埼玉大学の村上です。
簡単に自己紹介させていただきます。私は、細胞周期制御に興味を持ち、分裂酵母を使って、どのように細胞周期が制御されているかについて、体細胞分裂と減数分裂の両方について研究しています。なので、非コードRNAとの出会いは偶然によるものでした。
最近では、減数分裂の細胞周期で、分裂酵母で古くからその存在が知られていたMei4というフォークヘッド型転写因子の変異株に興味を持ち研究をしていました。この変異株はかなり古くから知られているだけあって、非常に「きれいな」表現型を示します。「きれいな」というのは、たとえば「この因子は第一減数分裂に必要です」と言っても、実際はただ第一減数分裂が遅れたりするだけだったり、一部のみだったりするのですが、このMei4の破壊株は100%第一減数分裂に進行しません。では、何で止まってしまってるのだろうと思って調べてみると、細胞周期の進行に必須のcdc25+という遺伝子の転写に必要であることがわかりました(2007年に発表)。その後、Mei4がどのような遺伝子の転写制御をしているかというのを、東大の白髭さんにお願いしてDNA鎖をセンス鎖とアンチセンス鎖を区別できる方法でタイリングアレイをやってもらいました。解析すると、‘Mei4で制御され、減数分裂に特異的にスプライシングされる遺伝子’のほとんどすべてにアンチセンス鎖が発現していることを見つけました。しかも、ほぼ100%で一致していたので、アンチセンス鎖が減数分裂特異的スプライシングに何か重要な役割を果たしているのではないかと思い、興奮気味に研究計画を書きました。そして、非コードRNA分野での実績はありませんが、公募で採択されたので非常にラッキーだと思っています。また、研究計画には書いていませんが、自分が研究している遺伝子の近傍に非コードRNAが発現していることがわかったので、その研究も同時に進めて行き、皆様にアドバイスをしていただけたらありがたいと思います。

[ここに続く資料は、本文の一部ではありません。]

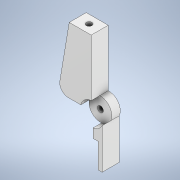
# Autodesk Inventor part: pliers
Saved by Autodesk Inventor 2020 (Build 240168000, 168)
## iProperties
Created: 2019-12-24
Part Number: pliers
Material: ABS Plastic
Document SubType Name: Modeling
Designer: metal
Density: 1.06 g/cm^3
Appearance: Smooth - White
Author: metal
Autodesk Inventor part; units mm, degrees
ref_plane "YZ Plane" through (0, 0, 0) normal (1, 0, 0) x (0, 1, 0)
ref_plane "XZ Plane" through (0, 0, 0) normal (0, 1, 0) x (-1, 0, 0)
ref_plane "XY Plane" through (0, 0, 0) normal (0, 0, 1) x (1, 0, 0)
sketch "Sketch1" plane through (0, 0, 0) normal (0, 0, 1) x (1, 0, 0)
  circle A0 centre (0, 0) radius 4
  line L0 (0, 24) -> (-8, 24)
  line L1 (0, 24) -> (0, 4)
  line L2 (-11.9043, 0.8695) -> (-3.9043, 0.8695)
  line L3 (-11.9043, 0.8695) -> (-8, 24)
  dimension "d9" = 6
  dimension "d0" = 8
  dimension "d6" = 8
  dimension "d94" = 20
  dimension "d95" = 8
  constraints: 8 end point, 2 horizontal, 2 point on circle, 1 centre point, 1 coincident, 1 vertical
  measures "d0" diameter of A0
  measures "d6" distance of L0.start L0.end
  measures "d94" distance of L0.start L1.end
  measures "d95" distance of L2.start L2.end
extrude "Extrusion1" add sketch "Sketch1" along normal mid plane 6
sketch "Sketch2" plane through (0, 0, 3) normal (0, 0, 1) x (1, 0, 0)
  circle A0 centre (0, 0) radius 4
  constraints: 1 centre point, 1 coincident
extrude "Extrusion2" cut sketch "Sketch2" against normal blind 3
sketch "Sketch4" plane through (-8, 24, 3) normal (0, 1, 0) x (1, 0, 0)
  line L0 (8, 6) -> (8, 0) projected
  line L1 (0, 0) -> (8, 6)
  line L2 (8, 0) -> (0, 0) projected
  line L3 (0, 6) -> (0, 0) projected
  line L4 (8, 0) -> (0, 6)
  circle A0 centre (4, 3) radius 1
  point P0 (8, 3)
  point P1 (3.2, 2.4)
  point P2 (3.2, 3.6)
  dimension "d9" = 6
  dimension "d17" = 2
  dimension "d93" = 1.2
  constraints: 4 end point, 2 point on circle, 1 centre point, 1 midpoint
  measures "d17" diameter of A0
  measures "d93" distance of A0.start A0.end
extrude "Extrusion4" cut sketch "Sketch4" against normal blind 5 contours A0 L4 L1 | L1 L4 A0 | A0 L1 L4 | L1 A0 L4
sketch "Sketch8" plane through (0, 0, 0) normal (0, 0, 1) x (1, 0, 0)
  arc A0 (-3.9043, 0.8695) -> (0, 4) centre (0, 0) ccw projected
  dimension "d9" = 6
  constraints: 1 coincident
hole "Hole3" at (0, 0, 0) direction (0, 0, -1) diameter 2.1 end through all
sketch "Sketch9" plane through (0, 0, 0) normal (0, 0, 1) x (1, 0, 0)
  line L0 (0, 4) -> (0, 24) construction
  line L1 (0, 24) -> (-8, 24) construction
  line L2 (-3.2679, 22.7321) -> (-9.3121, 0.175) construction
  line L3 (-11.9043, 0.8695) -> (-3.9043, 0.8695) construction
  arc A0 (0, 4) -> (-3.9043, 0.8695) centre (0, 0) ccw construction
  arc A1 (-3.9043, 0.8695) -> (0, 4) centre (0, 0) ccw projected
  line L4 (0, 31.995) -> (0, -23.9701) construction
  arc A2 (-3.9043, 0.8695) -> (0, 4) centre (0, 0) ccw construction
  line L5 (0.446, -3.9751) -> (0.446, -10.9751)
  line L6 (3.846, -1.0991) -> (3.846, -15.9751)
  line L7 (0.446, -10.9751) -> (2.246, -10.9751)
  line L8 (2.246, -10.9751) -> (2.246, -15.9751)
  line L9 (2.246, -15.9751) -> (3.846, -15.9751)
  point P0 (0.446, -3.9751)
  dimension "d9" = 6
  dimension "d90" = 7
  dimension "d91" = 3.4
  dimension "d92" = 1.8
  constraints: 10 end point, 2 perpendicular, 2 point on circle, 2 vertical, 1 horizontal
  measures "d90" distance of L5.start L5.end
  measures "d91" horizontal distance of L6.start L5.start
  measures "d92" distance of L5.end L7.end
extrude "Extrusion5" add sketch "Sketch9" along normal mid plane 6
sketch "Sketch10" plane through (0, 0, -3) normal (0, 0, -1) x (-1, 0, 0)
  circle A0 centre (0, 0) radius 1.05 projected
  circle A1 centre (0, 0) radius 1.8
  dimension "d9" = 6
  dimension "d62" = 3.6
  constraints: 1 centre point, 1 coincident
  measures "d62" diameter of A1
extrude "Extrusion6" cut sketch "Sketch10" against normal blind 1
fillet "Fillet2" radius 3 1 edges at (-11.9043, 0.8695, 0)
move faces "Move1" translate (-0.25, 0, 0) faces at (3.846, -11.0164, 0)
move faces "Move2" translate (-0.25, 0, 0) faces at (0, 17.3333, 0)
move faces "Move3" translate (0, 3.75, 0) faces at (1.646, -10.9751, 1)
body "Solid1"

余談ですが、1年前に名古屋市立大学から埼玉大学に移動しました。関東には14年ぶりですが、埼玉にはほとんど来たことがなかったので、未だに不慣れです。これからよろしくお願いします。
lncRNA関連で酵母の仕事といいますと分子遺伝学を駆使したSRGの話や東大の太田さんの話をまず思い出すのですが、「アンチセンス」とは意外かつ大変興味深いです。アンチセンスRNAは脊椎動物の専売特許だと思っていたのですが、そんなことはないのですね。